# S5 Programmiersoftware



## Anonymous (12 Juli 2004)

Hallo,
ich habe vor vielen Jahren mal S5 programmiert. Mittlerweile mache ich beruflich was völlig anderes.
Jetzt bin ich auf die Idee gekommen, mal meine Modelleisenbahn zu automatisieren (Blocksteuerung etc.). Bei Ebay kann man sich für relativ wenig Geld eine S5 zusammenkaufen, die dafür völlig ausreichend ist.

Aber wie schaut´s mit der Programmiersoftware aus ? Ich habe bis jetzt nur Software für mehrere hundert Euro gefunden, mt der man eine S5 programmieren kann.
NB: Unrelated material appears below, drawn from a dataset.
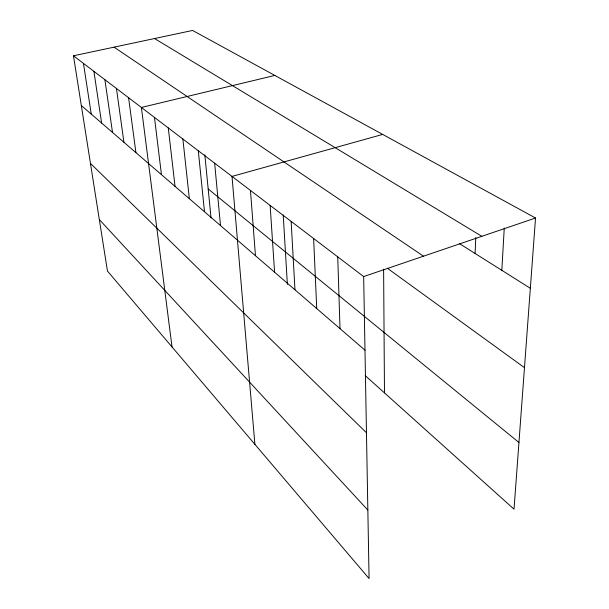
<?xml version="1.0" encoding="UTF-8"?>
<svg xmlns="http://www.w3.org/2000/svg" width="609" height="609" viewBox="0 0 609 609"><rect width="100%" height="100%" fill="white"/><g stroke="black" fill="none" stroke-linecap="round" stroke-linejoin="round"><path stroke-width="0.91" d="M475.104 253.481L475.781 237.457M501.824 270.32L504.26 228.048M73.468 55.784L363.664 276.577L369.077 578.55L107.458 271.074L73.468 55.784L192.581 30.45L535.532 218.022L514.019 509.177L365.21 375.593M363.664 276.577L535.532 218.022M382.68 134.422L232.006 176.412L254.897 444.349M274.842 75.44L141.387 107.458L172.02 346.947M154.549 38.542L481.856 236.315M459.414 243.6L530.34 288.285M114.073 47.152L423.506 256.191M387.339 268.226L524.478 367.661M208.187 188.957L518.944 442.484M81.324 105.54L364.981 350.175M90.452 163.379L366.466 432.755M99.328 219.567L367.851 510.068M83.448 63.382L91.236 114.089M93.915 71.344L101.619 123.041M104.9 79.703L112.505 132.427M116.441 88.488L123.924 142.278M128.59 97.722L135.929 152.631M154.473 117.423L161.454 174.646M168.282 127.928L175.034 186.362M182.867 139.019L189.361 198.717M198.298 150.766L204.495 211.765M204.822 154.77L211.041 218.014M214.65 163.204L220.496 225.566M250.466 190.457L255.453 255.711M270.137 205.423L274.59 272.215M283.215 214.977L287.379 284.403M291.14 221.402L294.969 289.793M313.62 238.5L316.733 308.557M337.736 256.846L340.012 328.639M383.617 269.17L384.477 392.889"/></g></svg>

Selbst auf dem "Gebraucht-" Softwaremarkt ist ziemlich tote Hose.

Irgendwie kann ich mich dunkel erinneren, das eine Share- oder Freeware gegeben hat. 

Kann jemand helfen ? Ich bin nicht bereit für mehrere hundert Euro Profisoftware zu kaufen.  Danke


----------



## Ralf (12 Juli 2004)

Gab hier im Forum mal jemanden der wollte einige angestaubte Uralt PGs mit Software verhökern...
Einfach mal suchen

Gruß

Ralf


----------



## Markus (12 Juli 2004)

entweder bei ebay ein altes pg oderdi demo von "s5 für windows" (google)


----------



## Rayk (12 Juli 2004)

Hallo,
am günstigsten ist es, wenn du erst mal die kostenlose Demo-Software
testest.
hier einige Beispiele: 
z.B.: PG 2000 unter  http://www.process-informatik.de/ 
oder Prosys unter  http://www.deltalogic.de (IEC 1131 Programmierung, auch im Demo Modus recht umfangreich)
oder S5 für Windows unter http://www.s5w.business.t-online.de/
oder WINSPS-S5 unter http://www.mhj-software.de/ (mit der Vollversion arbeite ich schon einige Jahre, Demo läuft nur 30 Tage...)
dann benötigst du noch ein AG-PG Kabel, kann man selbst bauen oder kaufen    
mfg. Rayk


----------